3 posts omitted. Click reply to view.

 No.96

>>89
>>89
Ive been so bored I actually started reading again. Imagine.

 No.115

>>89
litizens need a place to go

 No.123

>>89
I conducted a series of discourses with my father. He's only going to be alive for 19 years, so I guess we better fit that theory in now.

 No.185

>>123
Have you thought about writing about your family? That's something I often come back to. The dramatization of what is subtly out of the ordinary that characterizes your relations to friends and family. Trying to dramatize and literally process what has actual value to me: attachment and care. How do you phrase that, how do you structure a story who's chief subject is the perception of the ordinary and what is subtly out-of-the-ordinary but not quite extraordinary.

 No.199

>>185
Look thanks for the compliment, you probably know me from an irc Board. (yes a board).

You're gesturing at Drama. What kind of story do you have to write? Problem play? Brechtian anti-catharsis tragedy of the value-form's self abnegation? Comedy? Guignol?

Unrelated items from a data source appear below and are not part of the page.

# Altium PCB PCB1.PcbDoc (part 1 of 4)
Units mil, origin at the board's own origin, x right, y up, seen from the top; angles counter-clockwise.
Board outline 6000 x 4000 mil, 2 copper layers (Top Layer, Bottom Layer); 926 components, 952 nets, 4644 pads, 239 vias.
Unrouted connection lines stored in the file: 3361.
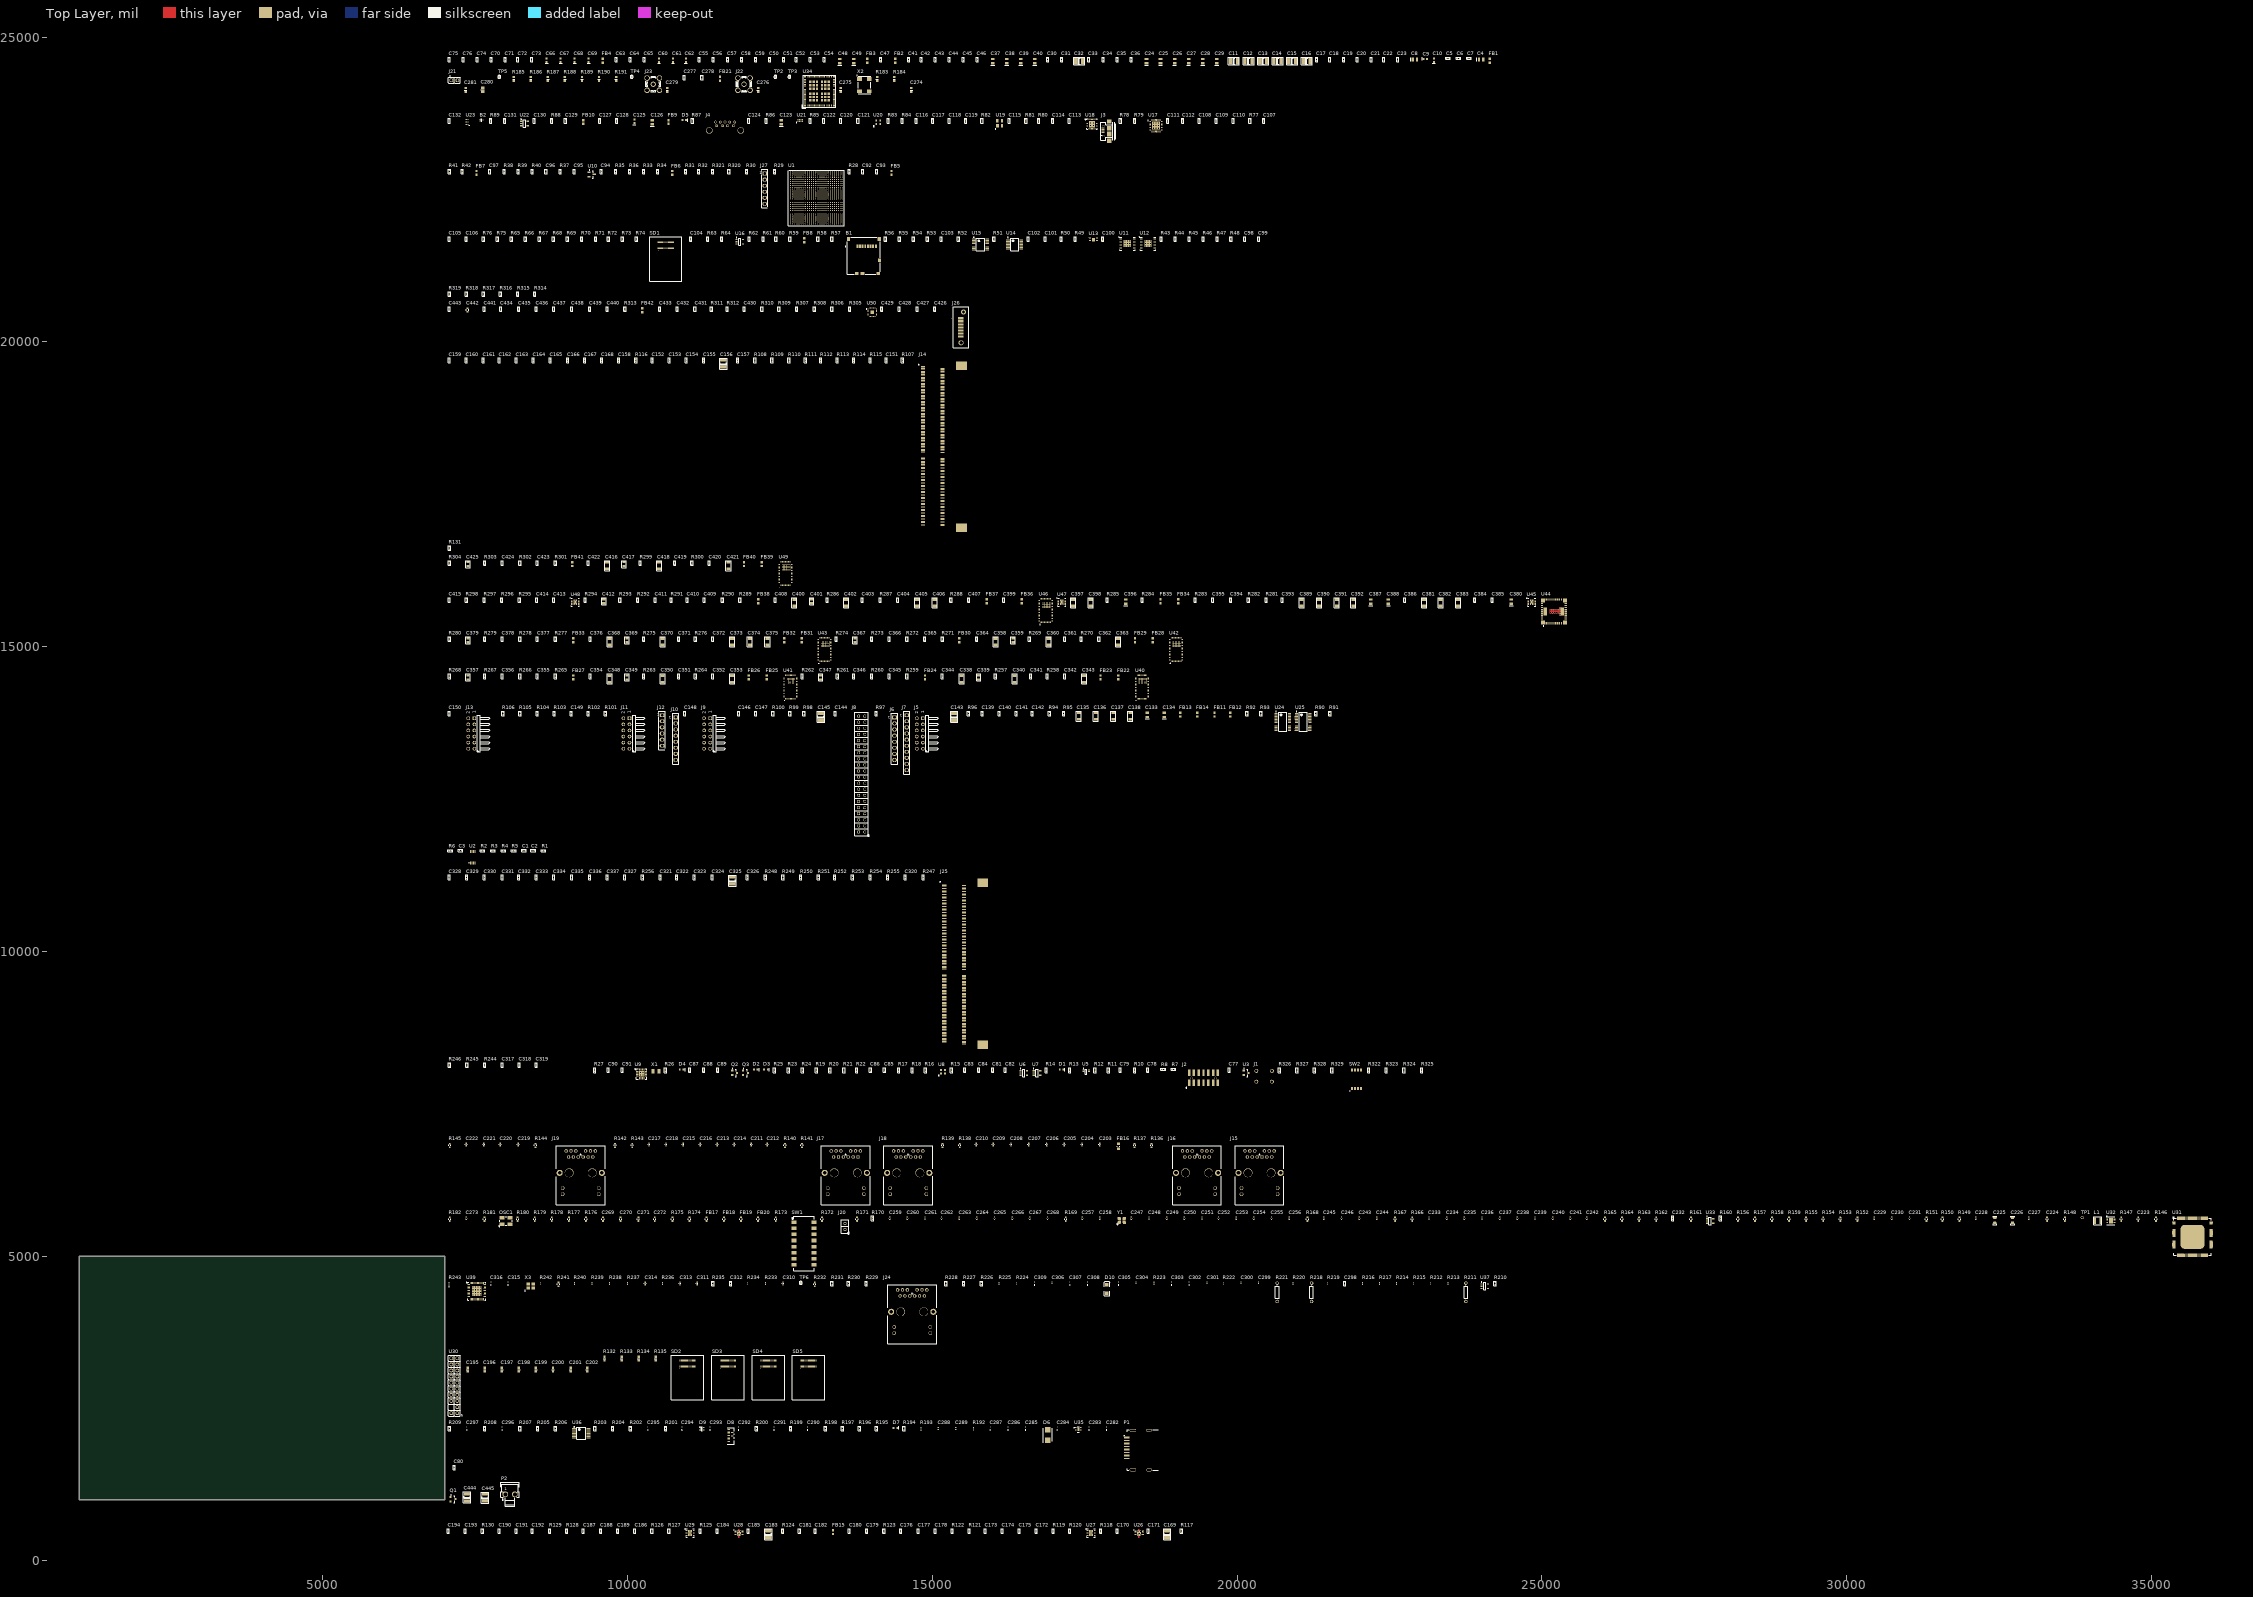
[diagram p0: Top Layer view]
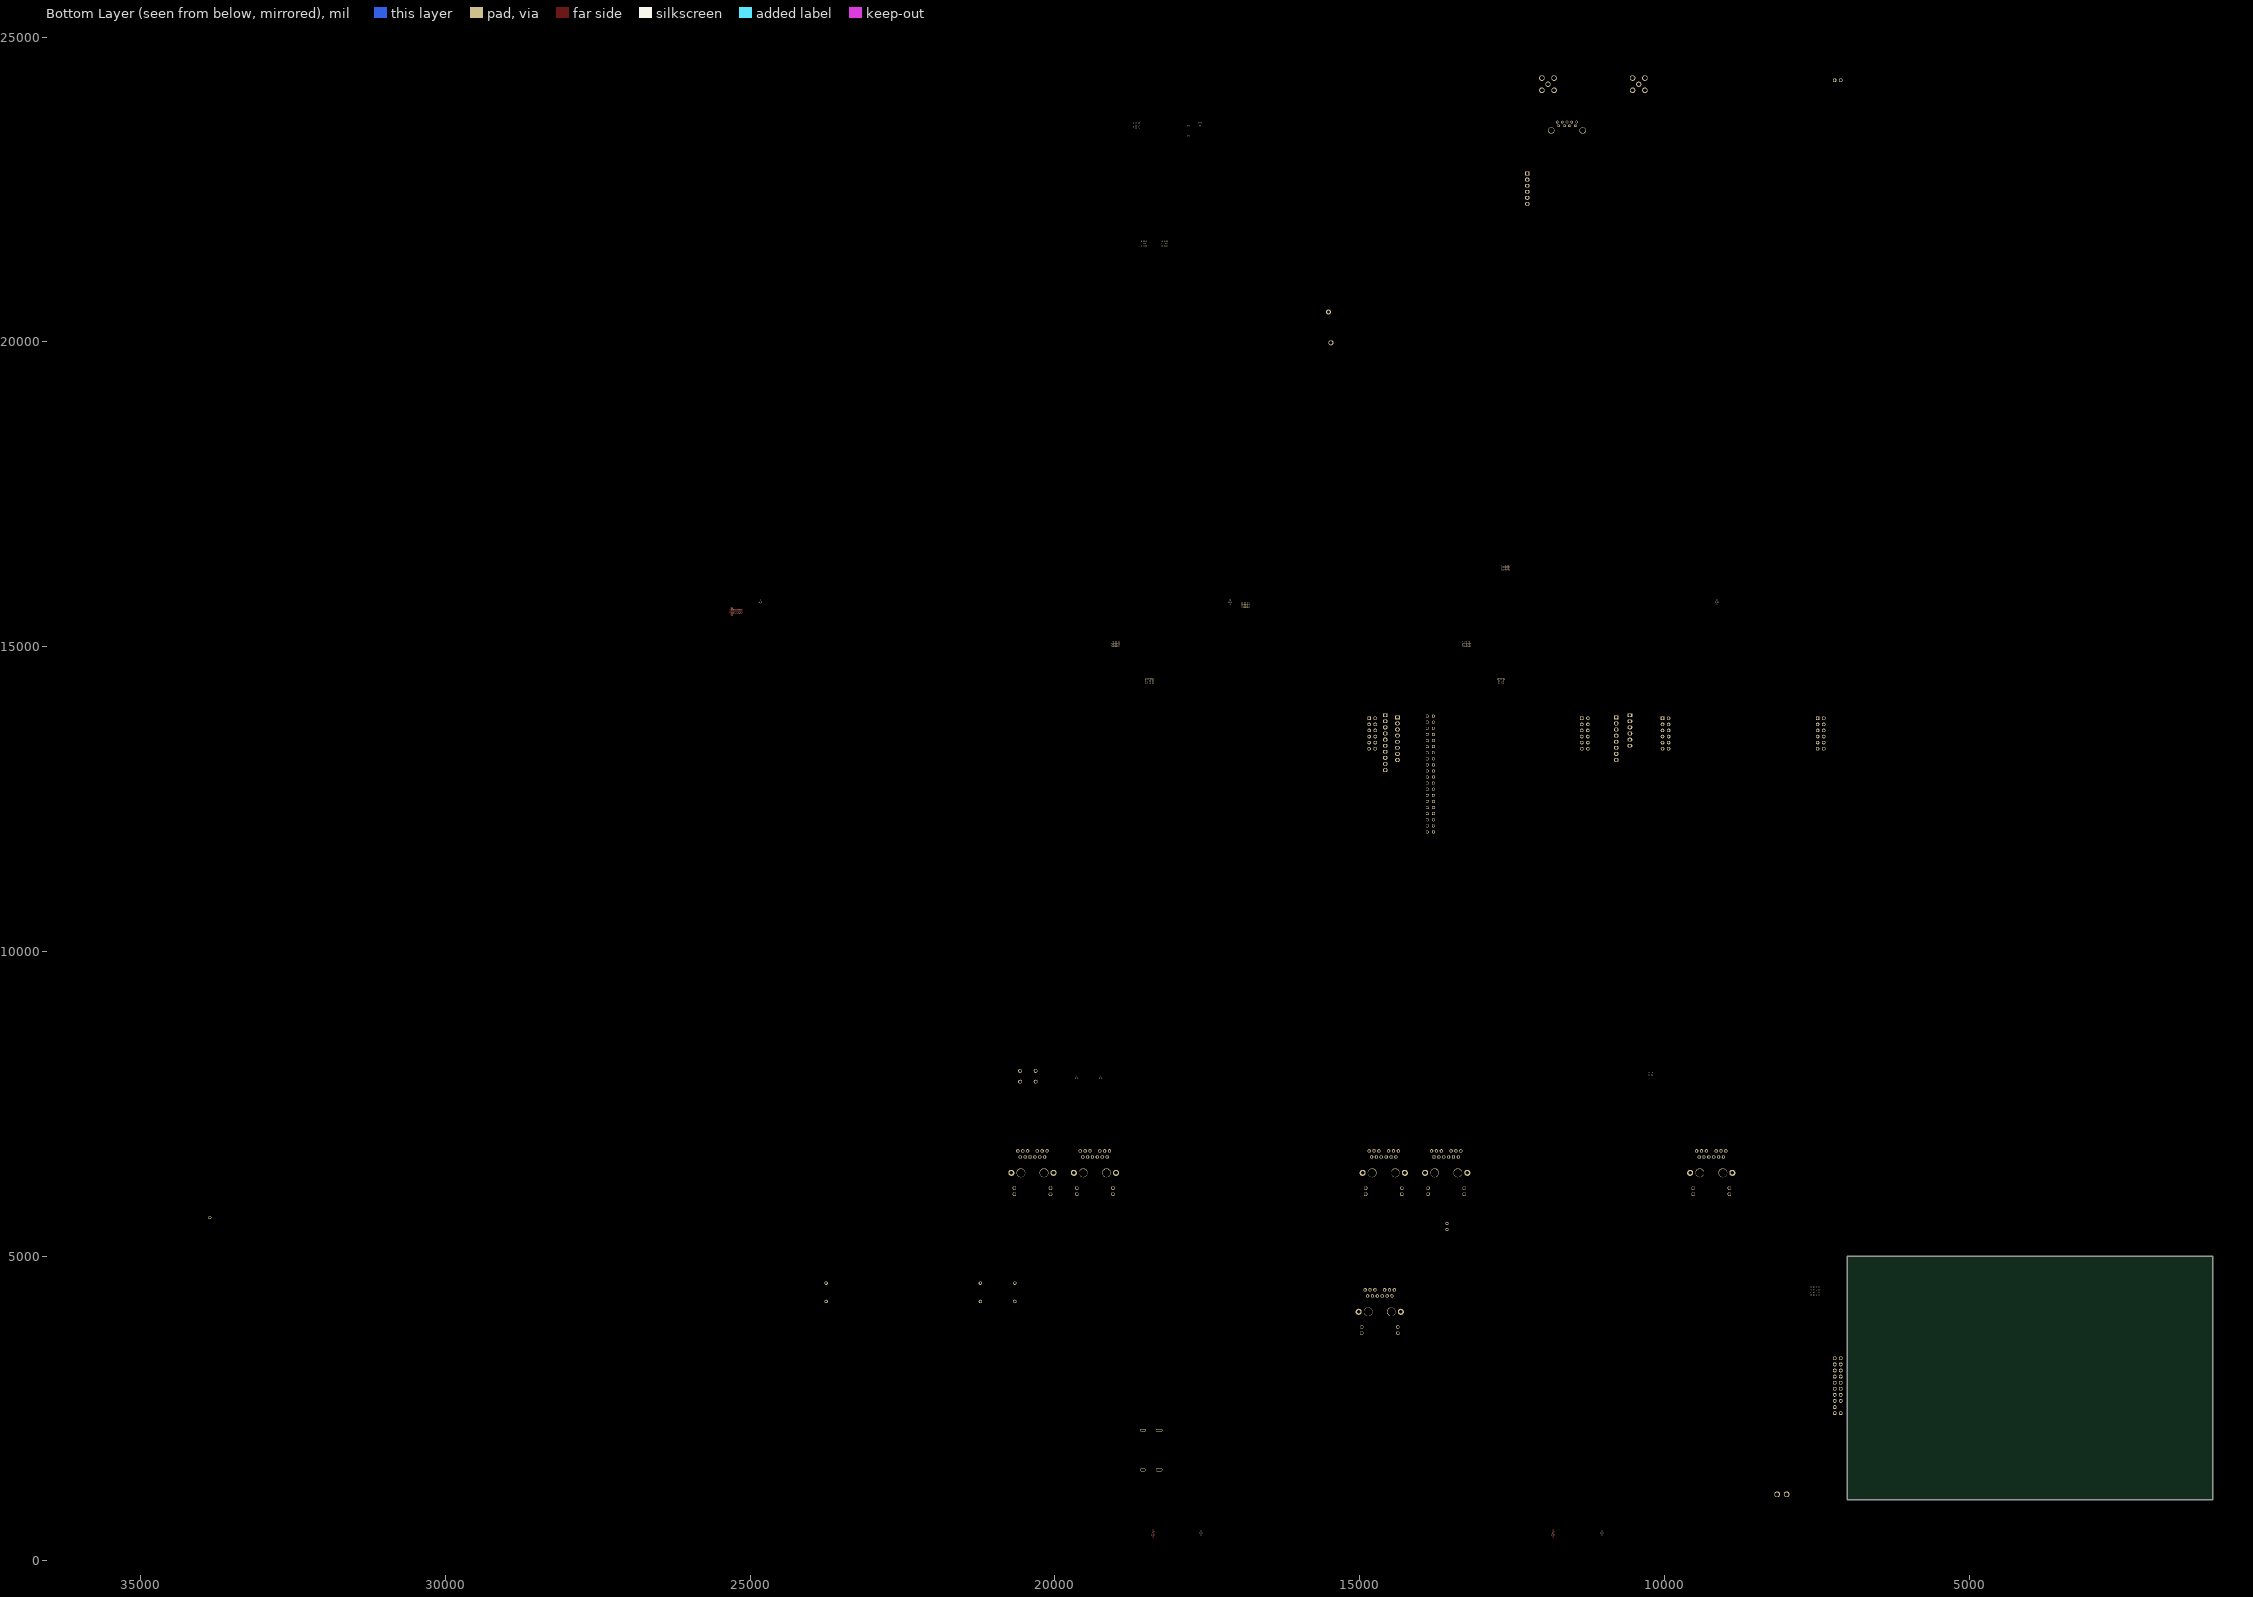
[diagram p1: Bottom Layer view, seen from below]

## Layer stack, top to bottom
Top Solder: solder mask 0.4, Solder Resist, Dk 3.5
Top Layer: signal copper 1.4
Dielectric 1: dielectric 12.6, FR-4, Dk 4.8
Bottom Layer: signal copper 1.4
Bottom Solder: solder mask 0.4, Solder Resist, Dk 3.5

## Board outline
1000,1000 7000,1000 7000,5000 1000,5000

## Design rules (kind name [scope] priority, off if disabled: settings)
Clearance [All] p1: gap=10
DiffPairsRouting [All] p1: maxlimit=10 minlimit=10 mostfreqgap=10 toplayer_minwidth=15 toplayer_maxwidth=15 toplayer_prefwidth=15 bottomlayer_minwidth=15 bottomlayer_maxwidth=15 bottomlayer_prefwidth=15 maxuncoupledlength=500
PolygonConnect [All] p1: connectstyle=Relief reliefconductorwidth=10 reliefentries=4 polygonreliefangle="90 Angle" airgapwidth=10
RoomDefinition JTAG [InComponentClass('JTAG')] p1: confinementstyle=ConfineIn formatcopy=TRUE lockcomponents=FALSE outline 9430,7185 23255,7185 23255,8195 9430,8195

My relationship with my father is regulatable, so doesn't "exceed" the social norm requiring a play to teach us how to regulate such a Passion of Affect into regularity and sociability. Plus if I knew how to regulate disaffected proletarian academics *I WOULD DISREGULATE*: aRISE you workers from your SLUMbers….

So whaddcha wanna do: rewrite me Merchant of Venice with Shylock as a Tragic Hero forcibly elevated low to high by renouncing Judaism for the love of christ. YOU MAY NOT REWRITE ANY PRIOR ACTS. YOU MUST PRODUCE ACT5:2 5:3 5:4 and 5:5. By 5:5 Shylock must have voluntarily reconverted to Christianity due to a flaw inherent in him and be raised despite his will to an end that was fated. YOU MAY NOT MAKE SHAKESPEARE'S VOICE CALVINIST.
If you can complete that then we can talk about making a non-Lyric moment between my father and I.